(California Air Resources Board) This Scoping Plan lays out the sector-by-sector roadmap for California, the world’s fifth1 largest economy, to achieve carbon neutrality by 2045 or earlier, outlining a technologically feasible, cost-effective, and equity-focused path to achieve the state’s climate target. This is a challenging but necessary goal to minimize the impacts of climate change. There have been three previous Scoping Plans. Previous plans have focused on specific greenhouse gas (GHG) reduction targets for our industrial, energy, and
transportation sectors—first to meet 1990 levels by 2020, then to meet the more aggressive target of 40 percent below 1990 levels by 2030.
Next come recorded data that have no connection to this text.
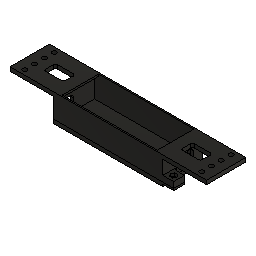
ports_usb_hub (Autodesk Fusion 360 design; units mm, degrees)
Autodesk Fusion 360 part; units mm, degrees
sketch "Sketch1" plane through (0, 0, 0) normal (0, 0, 1) x (1, 0, 0)
  line L0 (0, 0) -> (105, 0)
  line L1 (105, 0) -> (105, -36)
  line L2 (105, -36) -> (0, -36)
  line L3 (0, -36) -> (0, 0)
  line L4 (0, 0) -> (105, -36) construction
  line L5 (105, 0) -> (100, 0) construction
  line L6 (0, -36) -> (105, 0) construction
  line L7 (132.5, 2) -> (-27.5, 2)
  line L8 (-27.5, 2) -> (-27.5, -38)
  line L9 (-27.5, -38) -> (132.5, -38)
  line L10 (132.5, -38) -> (132.5, 2)
  line L11 (132.5, 2) -> (-27.5, -38) construction
  line L12 (-27.5, 2) -> (132.5, -38) construction
  line L13 (-27.5, 2) -> (-47.5, 2)
  line L14 (-47.5, 2) -> (-47.5, -38)
  line L15 (-47.5, -38) -> (-27.5, -38)
  line L16 (-27.5, -38) -> (-27.5, 2)
  line L17 (132.5, 2) -> (152.5, 2)
  line L18 (152.5, 2) -> (152.5, -38)
  line L19 (152.5, -38) -> (132.5, -38)
  line L20 (132.5, -38) -> (132.5, 2)
  line L21 (-37.5, 2) -> (-37.5, -38) construction
  line L22 (142.5, 2) -> (142.5, -38) construction
  line L23 (142.5, 2) -> (142.5, -3) construction
  line L24 (-37.5, 2) -> (-37.5, -3) construction
  circle A0 centre (142.5, -3) radius 2.2
  circle A1 centre (-37.5, -3) radius 2.2
  circle A2 centre (-37.5, -13) radius 2.2
  circle A3 centre (142.5, -13) radius 2.2
  circle A4 centre (-37.5, -23) radius 2.2
  circle A5 centre (142.5, -23) radius 2.2
  circle A6 centre (-37.5, -33) radius 2.2
  circle A7 centre (142.5, -33) radius 2.2
  line L25 (-3, 2) -> (108, 2)
  line L26 (108, 2) -> (108, -38)
  line L27 (108, -38) -> (-3, -38)
  line L28 (-3, -38) -> (-3, 2)
  line L29 (-3, 2) -> (108, -38) construction
  line L30 (108, 2) -> (-3, -38) construction
  point P0 (52.5, -18)
  point P1 (52.5, -18)
  dimension "d1" = 105
  dimension "d2" = 36
  dimension "d3" = 160
  dimension "d4" = 40
  dimension "d5" = 40
  dimension "d6" = 20
  dimension "d7" = 40
  dimension "d8" = 20
  dimension "d9" = 5
  dimension "d10" = 5
  dimension "d11" = 4.4
  dimension "d12" = 4.4
  dimension "d15" = 10
  dimension "d16" = -10
  dimension "d17" = 111
  dimension "d18" = 40
  constraint horizontal L0
  constraint vertical L1
  constraint horizontal L2
  constraint vertical L3
  constraint coincident L0.start L3.end
  constraint coincident L0 L5.end
  constraint perpendicular L7 L8
  constraint parallel L7 L9
  constraint parallel L8 L10
  constraint horizontal L7
  constraint coincident L11 P1
  constraint coincident L12 P1
  constraint midpoint L4 P1
  constraint horizontal L13
  constraint vertical L14
  constraint horizontal L15
  constraint vertical L16
  constraint horizontal L17
  constraint vertical L18
  constraint horizontal L19
  constraint vertical L20
  constraint midpoint L13 L21.start
  constraint midpoint L15 L21.end
  constraint midpoint L17 L22.start
  constraint midpoint L19 L22.end
  constraint perpendicular L17 L23
  constraint perpendicular L13 L24
  constraint coincident L23.end A0.centre
  constraint coincident L24.end A1.centre
  constraint perpendicular L25 L26
  constraint parallel L25 L27
  constraint parallel L26 L28
  constraint horizontal L25
  constraint coincident L29 P1
  constraint coincident L30 P1
  constraint coincident P1 P0
  measures "d1" distance of L0.start L0.end
  measures "d2" distance of L0.start L2.end
  measures "d3" distance of L8.end L9.end
  measures "d4" distance of L7.end L8.end
  measures "d5" distance of L7.end L8.end
  measures "d6" distance of L7.end L13.end
  measures "d7" distance of L7.start L9.end
  measures "d8" distance of L7.start L17.end
  measures "d9" distance of L22.start L23.end
  measures "d10" distance of L21.start L24.end
  measures "d11" diameter of A0
  measures "d12" diameter of A1
  measures "d17" distance of L26.end L27.end
  measures "d18" distance of L25.end L26.end
extrude "Extrude1" add sketch "Sketch1" along normal blind 4 makes body 1
extrude "Extrude2" add sketch "Sketch1" against normal blind 20 contours L7 L9 L25 L26 L27 L28 bodies 1
sketch "Sketch2" plane through (0, 0, -20) normal (0, 0, -1) x (1, 0, 0)
  line L0 (0, 36) -> (105, 36)
  line L1 (105, 36) -> (105, 0)
  line L2 (105, 0) -> (0, 0)
  line L3 (0, 0) -> (0, 36)
  line L4 (108, 38) -> (-3, 38)
  line L5 (-3, 38) -> (-3, -2)
  line L6 (-3, -2) -> (108, -2)
  line L7 (108, -2) -> (108, 38)
  line L8 (108, -2) -> (108, 7) construction
  line L9 (108, 7) -> (105, 7)
  line L10 (105, 7) -> (105, 15)
  line L11 (105, 15) -> (108, 15)
  line L12 (108, 15) -> (108, 7)
  line L13 (-3, 38) -> (-3, 29) construction
  line L14 (-3, 29) -> (0, 29)
  line L15 (0, 29) -> (0, 21)
  line L16 (0, 21) -> (-3, 21)
  line L17 (-3, 21) -> (-3, 29)
  dimension "d23" = 9
  dimension "d24" = 8
  dimension "d25" = 9
  dimension "d26" = 8
  constraint coincident L6.end L7.start
  constraint perpendicular L6 L8
  constraint horizontal L9
  constraint vertical L10
  constraint horizontal L11
  constraint vertical L12
  constraint coincident L4.end L5.start
  constraint perpendicular L4 L13
  constraint horizontal L14
  constraint vertical L15
  constraint horizontal L16
  constraint vertical L17
  measures "d23" distance of L6.end L8.end
  measures "d24" distance of L8.end L11.end
  measures "d25" distance of L4.end L13.end
  measures "d26" distance of L13.end L16.end
extrude "Extrude3" cut sketch "Sketch2" against normal blind 15 contours L3 L5 L14 L15 L16 L17 | L1 L7 L9 L10 L11 L12 bodies 1
fillet "Fillet1" radius 3 2 edges at (-1.5, -21, -5) (-1.5, -29, -5) on bodies 1
fillet "Fillet1" radius 3 2 edges at (106.5, -7, -5) (106.5, -15, -5) on bodies 1
sketch "Sketch3" plane through (0, 0, 4) normal (0, 0, 1) x (-1, 0, 0)
  circle A0 centre (-142.5, 33) radius 2.2
  circle A1 centre (37.5, 33) radius 2.2
  circle A2 centre (-142.5, 13) radius 2.2
  circle A3 centre (37.5, 23) radius 2.2
  circle A4 centre (-142.5, 23) radius 2.2
  circle A5 centre (37.5, 13) radius 2.2
  circle A6 centre (37.5, 3) radius 2.2
  circle A7 centre (-142.5, 3) radius 2.2
  line L0 (-105, 36) -> (0, 36)
  line L1 (0, 36) -> (0, 0)
  line L2 (0, 0) -> (-105, 0)
  line L3 (-105, 0) -> (-105, 36)
  line L4 (-152.5, -2) -> (47.5, -2)
  line L5 (47.5, -2) -> (47.5, 38)
  line L6 (47.5, 38) -> (-152.5, 38)
  line L7 (-152.5, 38) -> (-152.5, -2)
  line L8 (-52.5, 0) -> (-52.5, 36) construction
  line L9 (0, 0) -> (-3, 0)
  line L10 (-3, 0) -> (-3, 36)
  line L11 (-3, 36) -> (0, 36)
  line L12 (0, 36) -> (0, 0)
  line L13 (-102, 0) -> (-102, 36)
  dimension "d30" = 3
  constraint midpoint L2 L8.start
  constraint midpoint L0 L8.end
  constraint horizontal L9
  constraint vertical L10
  constraint horizontal L11
  constraint vertical L12
  constraint coincident L1.end L2.start
  constraint symmetric L8 L9.end L13.start
  constraint symmetric L8 L10.end L13.end
  measures "d30" distance of L1.end L9.end
extrude "Extrude4" add sketch "Sketch3" against normal blind 2 contours L0 L2 L3 L13 | L0 L1 L2 L9 L10 L11 L12 bodies 1
sketch "Sketch4" plane through (0, 0, -20) normal (0, 0, -1) x (1, 0, 0)
  line L0 (105, 7) -> (105, 0)
  line L1 (105, 0) -> (0, 0)
  line L2 (0, 0) -> (0, 21)
  line L3 (-3, 21) -> (-3, -2)
  line L4 (-3, -2) -> (108, -2)
  line L5 (108, -2) -> (108, 7)
  line L6 (0, 21) -> (-11, 21)
  line L7 (-11, 21) -> (-11, 10)
  line L8 (-11, 10) -> (0, 10)
  line L9 (0, 10) -> (0, 21)
  line L10 (0, 21) -> (-11, 10) construction
  circle A0 centre (-5.5, 15.5) radius 1.75
  line L11 (108, 7) -> (105, 7)
  line L12 (0, 21) -> (-3, 21)
  dimension "d33" = 11
  dimension "d34" = 11
  dimension "d35" = 3.5
  constraint horizontal L6
  constraint vertical L7
  constraint horizontal L8
  constraint vertical L9
  constraint coincident L2.end L6.start
  constraint midpoint L10 A0.centre
  measures "d33" distance of L2.end L6.end
  measures "d34" distance of L2.end L8.end
  measures "d35" diameter of A0
sketch "Sketch5" plane through (0, 0, -20) normal (0, 0, -1) x (1, 0, 0)
  line L0 (108, 7) -> (105, 7)
  line L1 (105, 7) -> (105, 0)
  line L2 (105, 0) -> (0, 0)
  line L3 (0, 0) -> (0, 21)
  line L4 (0, 21) -> (-3, 21)
  line L5 (-3, 21) -> (-3, -2)
  line L6 (-3, -2) -> (108, -2)
  line L7 (108, -2) -> (108, 7)
  line L8 (-3, -2) -> (-14, -2)
  line L9 (-14, -2) -> (-14, 9)
  line L10 (-14, 9) -> (-3, 9)
  line L11 (-3, 9) -> (-3, -2)
  circle A0 centre (-8.5, 3.5) radius 1.75
  dimension "d37" = 11
  dimension "d38" = 11
  dimension "d39" = 3.5
  constraint horizontal L8
  constraint vertical L9
  constraint horizontal L10
  constraint vertical L11
  constraint coincident L5.end L6.start
  measures "d37" distance of L5.end L10.end
  measures "d38" distance of L5.end L8.end
  measures "d39" diameter of A0
extrude "Extrude5" add sketch "Sketch5" against normal blind 20 separate body contours L5 L8 L9 L10 L11 makes body 2
sketch "Sketch6" plane through (0, 2, 0) normal (0, 1, 0) x (-1, 0, 0)
  line L0 (3, -20) -> (14, -20)
  line L1 (14, -20) -> (14, 0)
  line L2 (14, 0) -> (3, 0)
  line L3 (3, 0) -> (3, -20)
  line L4 (3, -20) -> (14, -20)
  line L5 (14, -20) -> (14, -17)
  line L6 (14, -17) -> (3, -17)
  line L7 (3, -17) -> (3, -20)
  line L8 (3, -17) -> (14, -17)
  line L9 (14, -17) -> (14, -14)
  line L10 (14, -14) -> (3, -14)
  line L11 (3, -14) -> (3, -17)
  dimension "d42" = 3
  dimension "d43" = 3
  constraint horizontal L4
  constraint vertical L5
  constraint horizontal L6
  constraint vertical L7
  constraint coincident L0.start L3.end
  constraint horizontal L8
  constraint vertical L9
  constraint horizontal L10
  constraint vertical L11
  measures "d42" distance of L0.start L6.end
  measures "d43" distance of L6.end L10.end
extrude "Extrude6" cut sketch "Sketch6" against normal blind 17.5 contours L1 L2 L3 L10 bodies 2
sketch "Sketch7" plane through (0, 0, -14) normal (0, 0, 1) x (-1, 0, 0)
  line L0 (14, 9) -> (3, 9)
  line L1 (3, 9) -> (3, -2)
  line L2 (3, -2) -> (14, -2)
  line L3 (14, -2) -> (14, 9)
  circle A0 centre (8.5, 3.5) radius 1.75
  line L4 (10.1166, 0.7) -> (11.7332, 3.5)
  line L5 (11.7332, 3.5) -> (10.1166, 6.3)
  line L6 (10.1166, 6.3) -> (6.8834, 6.3)
  line L7 (6.8834, 6.3) -> (5.2668, 3.5)
  line L8 (5.2668, 3.5) -> (6.8834, 0.7)
  line L9 (6.8834, 0.7) -> (10.1166, 0.7)
  point P0 (8.5, 3.5)
  dimension "d46" = 2.8
  constraint coincident P0 A0.centre
  measures "d46" distance of P0 L9
extrude "Extrude7" cut sketch "Sketch7" against normal blind 3 contours L4 L5 L6 L7 L8 L9 bodies 2
copy_body "CopyPasteBodies1" bodies 2 makes body 3
move_body "Move1" bodies 3 to x (1, 0, 0) y (0, 1, 0) z (0, 0, 1) at (122, -29, 0)
sketch "Sketch8" plane through (0, 0, -20) normal (0, 0, -1) x (1, 0, 0)
  circle A0 centre (-8.5, 3.5) radius 1.75
  line L0 (-3, 9) -> (-14, 9)
  line L1 (-14, 9) -> (-14, -2)
  line L2 (-14, -2) -> (-3, -2)
  line L3 (-3, -2) -> (-3, 9)
  line L4 (119, 27) -> (108, 27)
  line L5 (108, 27) -> (108, 38)
  line L6 (108, 38) -> (119, 38)
  line L7 (119, 38) -> (119, 27)
  line L8 (108, 38) -> (-3, 38)
  line L9 (-3, 38) -> (-3, -2)
  line L10 (-3, -2) -> (108, -2)
  line L11 (108, -2) -> (108, 38)
  circle A1 centre (-8.5, 3.5) radius 1.75
  circle A2 centre (113.5, 32.5) radius 1.75
  dimension "d49" = 3.5
  constraint horizontal L4
  constraint vertical L5
  constraint horizontal L6
  constraint vertical L7
  constraint horizontal L8
  constraint vertical L9
  constraint horizontal L10
  constraint vertical L11
  constraint coincident L2.end L3.start
  constraint concentric A0 A1
  measures "d49" diameter of A2
extrude "Extrude8" add sketch "Sketch8" along normal blind 2 separate body makes body 4
copy_body "Body->Comp1" bodies 1 removing the originals makes body 5 in component "Hub Mount"
copy_body "Body->Comp1'" bodies 5 removing the originals makes body 6 in component "Front"
copy_body "CutPasteBodies1" bodies 2 3 removing the originals makes body 7 makes body 8 in component "Front"
copy_body "Body->Comp2" bodies 4 removing the originals makes body 9 in component "Back plate"
sketch "Sketch9" plane through (0, 0, 4) normal (0, 0, 1) x (-1, 0, 0)
  circle A0 centre (-142.5, 33) radius 2.2
  circle A1 centre (37.5, 33) radius 2.2
  circle A2 centre (-142.5, 23) radius 2.2
  circle A3 centre (37.5, 23) radius 2.2
  circle A4 centre (-142.5, 13) radius 2.2
  circle A5 centre (37.5, 13) radius 2.2
  circle A6 centre (37.5, 3) radius 2.2
  circle A7 centre (-142.5, 3) radius 2.2
  line L0 (-102, 36) -> (-3, 36)
  line L1 (-3, 36) -> (-3, 0)
  line L2 (-3, 0) -> (-102, 0)
  line L3 (-102, 0) -> (-102, 36)
  line L4 (-152.5, -2) -> (47.5, -2)
  line L5 (47.5, -2) -> (47.5, 38)
  line L6 (47.5, 38) -> (-152.5, 38)
  line L7 (-152.5, 38) -> (-152.5, -2)
  line L8 (-52.5, -2) -> (-52.5, 38) construction
  line L9 (-152.5, 18) -> (47.5, 18) construction
  line L10 (47.5, 18) -> (27.5, 18) construction
  line L11 (27.5, 18) -> (27.5, -2) construction
  line L12 (27.5, 18) -> (27.5, 38) construction
  line L13 (7, -2) -> (7, 38) construction
  line L14 (7, 38) -> (27.5, -2) construction
  line L15 (25.25, 12) -> (9.25, 12)
  line L16 (7.25, 14) -> (7.25, 22)
  line L17 (9.25, 24) -> (25.25, 24)
  line L18 (27.25, 22) -> (27.25, 14)
  line L19 (27.25, 12) -> (7.25, 24) construction
  line L20 (7.25, 12) -> (27.25, 24) construction
  arc A8 (25.25, 12) -> (27.25, 14) centre (25.25, 14) ccw
  arc A9 (7.25, 14) -> (9.25, 12) centre (9.25, 14) ccw
  arc A10 (9.25, 24) -> (7.25, 22) centre (9.25, 22) ccw
  arc A11 (27.25, 22) -> (25.25, 24) centre (25.25, 22) ccw
  arc A12 (-114.25, 12) -> (-112.25, 14) centre (-114.25, 14) ccw
  line L21 (-112.25, 14) -> (-112.25, 22)
  arc A13 (-112.25, 22) -> (-114.25, 24) centre (-114.25, 22) ccw
  line L22 (-114.25, 24) -> (-130.25, 24)
  arc A14 (-130.25, 24) -> (-132.25, 22) centre (-130.25, 22) ccw
  line L23 (-132.25, 22) -> (-132.25, 14)
  arc A15 (-132.25, 14) -> (-130.25, 12) centre (-130.25, 14) ccw
  line L24 (-130.25, 12) -> (-114.25, 12)
  point P0 (17.25, 18)
  dimension "d52" = 20
  dimension "d53" = 20
  dimension "d54" = 12
  dimension "d55" = 2
  constraint midpoint L4 L8.start
  constraint midpoint L6 L8.end
  constraint midpoint L7 L9.start
  constraint midpoint L5 L9.end
  constraint perpendicular L5 L10
  constraint coincident L4 L11.end
  constraint perpendicular L4 L11
  constraint coincident L6 L12.end
  constraint perpendicular L6 L12
  constraint coincident L4 L13.start
  constraint coincident L6 L13.end
  constraint perpendicular L6 L13
  constraint perpendicular L15 L16
  constraint parallel L15 L17
  constraint parallel L16 L18
  constraint horizontal L15
  constraint coincident L19 P0
  constraint coincident L20 P0
  constraint midpoint L14 P0
  constraint coincident L19.start L18
  constraint coincident L19.start L15
  constraint tangent L18 A8
  constraint tangent L15 A8
  constraint coincident L20.start L16
  constraint coincident L20.start L15
  constraint tangent L16 A9
  constraint tangent L15 A9
  constraint equal A8 A9
  constraint coincident L19.end L17
  constraint coincident L19.end L16
  constraint tangent L17 A10
  constraint tangent L16 A10
  constraint equal A8 A10
  constraint coincident L20.end L17
  constraint coincident L20.end L18
  constraint tangent L17 A11
  constraint tangent L18 A11
  constraint equal A8 A11
  constraint symmetric L8 L18.end L23.end
  constraint symmetric L8 L15.start A15.end
  constraint symmetric L8 A8 A15
  constraint symmetric L8 L16.start A12.end
  constraint symmetric L8 L15.end A12.start
  constraint symmetric L8 A9 A12
  constraint symmetric L8 L17.start A13.end
  constraint symmetric L8 L16.end L21.end
  constraint symmetric L8 A10 A13
  constraint symmetric L8 L17.end L22.end
  constraint symmetric L8 L18.start A14.end
  constraint symmetric L8 A11 A14
  measures "d52" distance of L9.end L10.end
  measures "d53" distance of L19.end L20.end
  measures "d54" distance of L20.start L19.end
  measures "d55" radius of A8
extrude "Extrude1'" cut sketch "Sketch9" against normal blind 20 contours L15 L16 L17 L18 A8 A9 A10 A11 | A12 L21 A13 L22 A14 L23 A15 L24 bodies 6 in component "Front"
combine "Combine1" operation add target body 6 tool bodies 8 7 in component "Front"
fillet "Fillet1'" radius 3 1 edges at (-3, -9, -21) on bodies 9 in component "Back plate"
fillet "Fillet1''" radius 3 1 edges at (108, -27, -17) on bodies 6 in component "Front"
fillet "Fillet2" radius 3 1 edges at (108, -27, -21) on bodies 9 in component "Back plate"
fillet "Fillet2'" radius 3 1 edges at (-3, -9, -17) on bodies 6 in component "Front"
sketch "Sketch10" plane through (0, 0, -22) normal (0, 0, -1) x (1, 0, 0)
  circle A0 centre (113.5, 32.5) radius 1.75
  circle A1 centre (-8.5, 3.5) radius 1.75
  line L0 (119, 38) -> (-3, 38)
  line L1 (-3, 38) -> (-3, 12)
  arc A2 (-6, 9) -> (-3, 12) centre (-6, 12) ccw
  line L2 (-6, 9) -> (-14, 9)
  line L3 (-14, 9) -> (-14, -2)
  line L4 (-14, -2) -> (108, -2)
  line L5 (108, -2) -> (108, 24)
  arc A3 (111, 27) -> (108, 24) centre (111, 24) ccw
  line L6 (111, 27) -> (119, 27)
  line L7 (119, 27) -> (119, 38)
  line L8 (-3, 38) -> (108, 38) construction
  line L9 (108, 38) -> (108, -2) construction
  line L10 (108, -2) -> (-3, -2) construction
  line L11 (-3, -2) -> (-3, 38) construction
  line L12 (-3, 38) -> (108, 38)
  line L13 (108, 38) -> (108, 35)
  line L14 (108, 35) -> (-3, 35)
  line L15 (-3, 35) -> (-3, 38)
  line L16 (108, 16.5) -> (-3, 16.5)
  line L17 (-3, 16.5) -> (-3, 19.5)
  line L18 (-3, 19.5) -> (108, 19.5)
  line L19 (108, -2) -> (-3, -2)
  line L20 (-3, -2) -> (-3, 1)
  line L21 (-3, 1) -> (108, 1)
  line L22 (-3, 38) -> (0, 38)
  line L23 (0, 38) -> (0, -2)
  line L24 (0, -2) -> (-3, -2)
  line L25 (-3, -2) -> (-3, 38)
  line L26 (108, 38) -> (105, 38)
  line L27 (105, 38) -> (105, -2)
  line L28 (105, -2) -> (108, -2)
  line L29 (108, -2) -> (108, 38)
  line L30 (52.5, 19.5) -> (52.5, 16.5) construction
  line L31 (51, 38) -> (54, 38)
  line L32 (54, 38) -> (54, -2)
  line L33 (54, -2) -> (51, -2)
  line L34 (51, -2) -> (51, 38)
  line L35 (51, 38) -> (54, -2) construction
  line L36 (54, 38) -> (51, -2) construction
  point P0 (52.5, 18)
  dimension "d62" = 3
  dimension "d65" = 0
  dimension "d66" = -37
  dimension "d69" = 3
  constraint horizontal L8
  constraint vertical L9
  constraint horizontal L10
  constraint vertical L11
  constraint coincident L4.end L5.start
  constraint coincident L0.end L1.start
  constraint horizontal L12
  constraint vertical L13
  constraint horizontal L14
  constraint vertical L15
  constraint horizontal L22
  constraint vertical L23
  constraint horizontal L24
  constraint vertical L25
  constraint coincident L4 L23.end
  constraint horizontal L26
  constraint vertical L27
  constraint horizontal L28
  constraint vertical L29
  constraint midpoint L18 L30.start
  constraint midpoint L16 L30.end
  constraint perpendicular L31 L32
  constraint parallel L31 L33
  constraint parallel L32 L34
  constraint horizontal L31
  constraint coincident L12 L31.start
  constraint coincident L35 P0
  constraint coincident L36 P0
  constraint midpoint L30 P0
  measures "d62" distance of L0.end L14.end
  measures "d69" distance of L8.end L26.end
extrude "Extrude1''" add sketch "Sketch10" along normal blind 2 contours L0 L12 L13 L14 L26 L27 L29 | L0 L12 L14 L27 L32 | L5 L14 L18 L27 L29 | L0 L12 L14 L31 L32 L34 | L0 L12 L14 L23 L34 | L5 L16 L18 L27 L29 | L0 L1 L12 L14 L15 L22 L23 L25 | L5 L16 L21 L27 L29 | L1 L14 L18 L23 L25 | L4 L19 L21 L27 L32 | L4 L5 L19 L21 L27 L28 L29 | L1 L16 L17 L18 L23 L25 | L4 L19 L21 L32 L33 L34 | L1 L16 L21 L23 L25 | L4 L19 L21 L23 L34 | L4 L19 L20 L21 L23 L24 L25 bodies 9 in component "Back plate"
fillet "Fillet3" radius 3 4 edges at (0, -1, -23) (0, -35, -23) (105, -35, -23) (105, -1, -23) on bodies 9 in component "Back plate"
extrude "Extrude2'" add 1 faces at (102, -12, 2.6667) along direction (-1, 0, 0) blind 1 on bodies 6 bodies 6 in component "Front"
extrude "Extrude3'" add 1 faces at (3, -12, 2.6667) along direction (1, 0, 0) blind 1 on bodies 6 bodies 6 in component "Front"
sketch "Sketch11" plane through (0, 0, -22) normal (0, 0, -1) x (1, 0, 0)
  arc A0 (102, 1) -> (105, 4) centre (102, 4) ccw
  line L0 (105, 4) -> (105, 32)
  arc A1 (105, 32) -> (102, 35) centre (102, 32) ccw
  line L1 (102, 35) -> (3, 35)
  arc A2 (3, 35) -> (0, 32) centre (3, 32) ccw
  line L2 (0, 32) -> (0, 4)
  arc A3 (0, 4) -> (3, 1) centre (3, 4) ccw
  line L3 (3, 1) -> (102, 1)
  line L4 (3, 35) -> (102, 35) construction
  line L5 (102, 35) -> (102, 1) construction
  line L6 (102, 1) -> (3, 1) construction
  line L7 (3, 1) -> (3, 35) construction
  line L8 (102, 1) -> (3, 35) construction
  line L9 (3, 1) -> (102, 35) construction
  constraint horizontal L4
  constraint vertical L5
  constraint horizontal L6
  constraint vertical L7
  constraint coincident A0.start L3.end
  constraint coincident L1.end A2.start
  constraint coincident A3.end L3.start
extrude "Extrude4'" cut 1 faces at (36.3333, -36, -12.6667) along direction (0, -1, 0) blind 0.6 on bodies 6 bodies 6 in component "Front"
extrude "Extrude5'" cut 1 faces at (68.6667, 0, -12.6667) along direction (0, 1, 0) blind 0.6 on bodies 6 bodies 6 in component "Front"
extrude "Extrude6'" cut 1 faces at (105, -29.4, -8.6667) along direction (1, 0, 0) blind 0.2 on bodies 6 bodies 6 in component "Front"
extrude "Extrude7'" cut 1 faces at (0, -6.6, -8.6667) along direction (-1, 0, 0) blind 0.2 on bodies 6 bodies 6 in component "Front"
component "Hub Mount" placed x (1, 0, 0) y (0, 1, 0) z (0, 0, 1) at (0, 0, 0)
component "Front" placed x (1, 0, 0) y (0, 1, 0) z (0, 0, 1) at (0, 0, 0) in component "Hub Mount"
component "Back plate" placed x (1, 0, 0) y (0, 1, 0) z (0, 0, 1) at (0, 0, 0) in component "Hub Mount"
equation "d27 = -22 mm + 7 mm"
equation "d66 = -40.00 mm + 3 mm"

This plan, addressing recent legislation and direction from Governor Newsom, extends and expands upon these earlier plans with a target of reducing anthropogenic emissions to 85 percent below 1990 levels by 2045. This plan also takes the unprecedented step of adding carbon neutrality as a science-based guide and touchstone for California’s climate work. The plan outlines how carbon neutrality can be achieved by taking bold steps to reduce GHGs to meet the anthropogenic emissions target and by expanding actions to capture and store carbon through the state’s natural and working lands and using a variety of mechanical approaches.
...
The major element of this unprecedented transformation is the aggressive reduction of fossil fuels wherever they are currently used in California, building on and accelerating carbon reduction programs that have been in place for a decade and a half. That means rapidly moving to zero-emission transportation; electrifying the cars, buses, trains, and trucks that now constitute California’s single largest source of planet-warming pollution. It also means phasing out the use of fossil gas used for heating our homes and buildings.
...
It also means scaling up new options such as renewable hydrogen for hard-to-electrify end uses and biomethane where needed.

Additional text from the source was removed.